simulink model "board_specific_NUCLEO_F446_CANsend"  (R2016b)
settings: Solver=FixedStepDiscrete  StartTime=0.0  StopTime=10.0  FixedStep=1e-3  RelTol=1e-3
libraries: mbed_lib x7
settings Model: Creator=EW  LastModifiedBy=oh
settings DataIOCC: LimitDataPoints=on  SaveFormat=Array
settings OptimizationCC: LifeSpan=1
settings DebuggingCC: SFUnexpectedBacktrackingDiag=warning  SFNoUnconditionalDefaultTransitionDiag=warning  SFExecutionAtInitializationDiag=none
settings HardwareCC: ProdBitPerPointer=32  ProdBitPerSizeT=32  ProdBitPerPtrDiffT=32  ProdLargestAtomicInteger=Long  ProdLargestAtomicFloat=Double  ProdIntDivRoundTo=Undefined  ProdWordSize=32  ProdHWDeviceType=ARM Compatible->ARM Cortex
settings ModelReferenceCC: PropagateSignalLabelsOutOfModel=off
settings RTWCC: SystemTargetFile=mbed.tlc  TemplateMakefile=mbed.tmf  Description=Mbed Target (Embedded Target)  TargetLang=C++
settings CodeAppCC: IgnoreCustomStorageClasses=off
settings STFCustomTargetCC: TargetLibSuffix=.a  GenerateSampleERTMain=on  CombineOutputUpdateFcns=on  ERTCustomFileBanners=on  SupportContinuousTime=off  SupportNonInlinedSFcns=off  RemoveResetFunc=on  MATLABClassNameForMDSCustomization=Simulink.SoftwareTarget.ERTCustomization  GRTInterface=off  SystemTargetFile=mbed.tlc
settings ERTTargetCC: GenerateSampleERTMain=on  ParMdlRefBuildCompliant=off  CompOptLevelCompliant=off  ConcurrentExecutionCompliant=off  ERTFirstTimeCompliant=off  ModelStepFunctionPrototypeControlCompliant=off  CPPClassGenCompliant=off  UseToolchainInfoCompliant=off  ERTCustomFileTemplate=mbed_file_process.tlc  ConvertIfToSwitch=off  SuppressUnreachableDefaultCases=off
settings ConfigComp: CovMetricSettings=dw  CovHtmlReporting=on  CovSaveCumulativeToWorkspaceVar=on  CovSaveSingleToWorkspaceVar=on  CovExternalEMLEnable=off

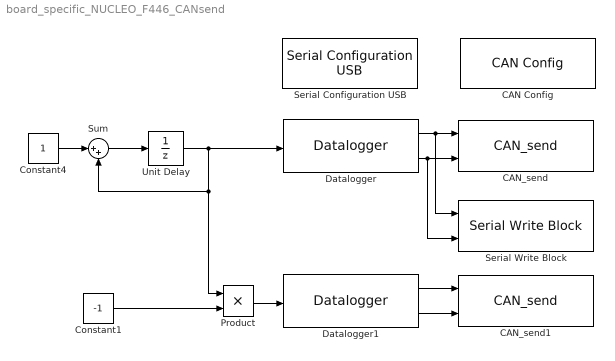
== system board_specific_NUCLEO_F446_CANsend ==
  CAN Config : mbed_lib/Serial/CAN/CAN Config  CAN_ID=1  CAN_Tx_Port=A  CAN_Tx_Pin=12  CAN_Rx_Port=A  CAN_Rx_Pin=11  CAN_frequency=1000000
  CAN_send : mbed_lib/Serial/CAN/CAN_send  Priority=11  CAN_ID=1  Msg_ID=10  SampleTime=-1
  CAN_send1 : mbed_lib/Serial/CAN/CAN_send  Priority=10  CAN_ID=1  Msg_ID=20  SampleTime=-1
  Constant1 : Constant  Value=-1  OutDataTypeStr=int16  SampleTime=0.5
  Constant4 : Constant  OutDataTypeStr=uint16  SampleTime=1
  Datalogger : mbed_lib/Utilities/Datalogger  TypeInputPorts={ 'uint16' 1 }  TypeOfInputs={'1*uint16'}  BufferSize=100  errEn=off  SampleTime=-1
  Datalogger1 : mbed_lib/Utilities/Datalogger  TypeInputPorts={ 'int16' 1 }  TypeOfInputs={'1*int16'}  BufferSize=100  errEn=off  SampleTime=-1
  Product : Product  OutDataTypeStr=int16
  Serial Configuration USB : mbed_lib/Serial/UART/Serial Configuration USB  BaudRate=9600
  Serial Write Block : mbed_lib/Serial/UART/Serial Write Block  SerialPort=0  numData=on  SampleTime=-1
  Sum : Sum  Inputs=|++
  Unit Delay : UnitDelay  SampleTime=-1
  wires:
  Unit Delay/1 -> Datalogger/1, Product/1, Sum/2
  Datalogger/2 -> Serial Write Block/2, CAN_send/2
  Datalogger/1 -> Serial Write Block/1, CAN_send/1
  Constant4/1 -> Sum/1
  Sum/1 -> Unit Delay/1
  Datalogger1/1 -> CAN_send1/1
  Datalogger1/2 -> CAN_send1/2
  Product/1 -> Datalogger1/1
  Constant1/1 -> Product/2
_ _ _ _ _ _ _
WORK ORDER: Read through the entries and copy each line in which "SystemTargetFile" appears.

RESPONSE TO THIS EXERCISE:
settings RTWCC: SystemTargetFile=mbed.tlc  TemplateMakefile=mbed.tmf  Description=Mbed Target (Embedded Target)  TargetLang=C++
settings STFCustomTargetCC: TargetLibSuffix=.a  GenerateSampleERTMain=on  CombineOutputUpdateFcns=on  ERTCustomFileBanners=on  SupportContinuousTime=off  SupportNonInlinedSFcns=off  RemoveResetFunc=on  MATLABClassNameForMDSCustomization=Simulink.SoftwareTarget.ERTCustomization  GRTInterface=off  SystemTargetFile=mbed.tlc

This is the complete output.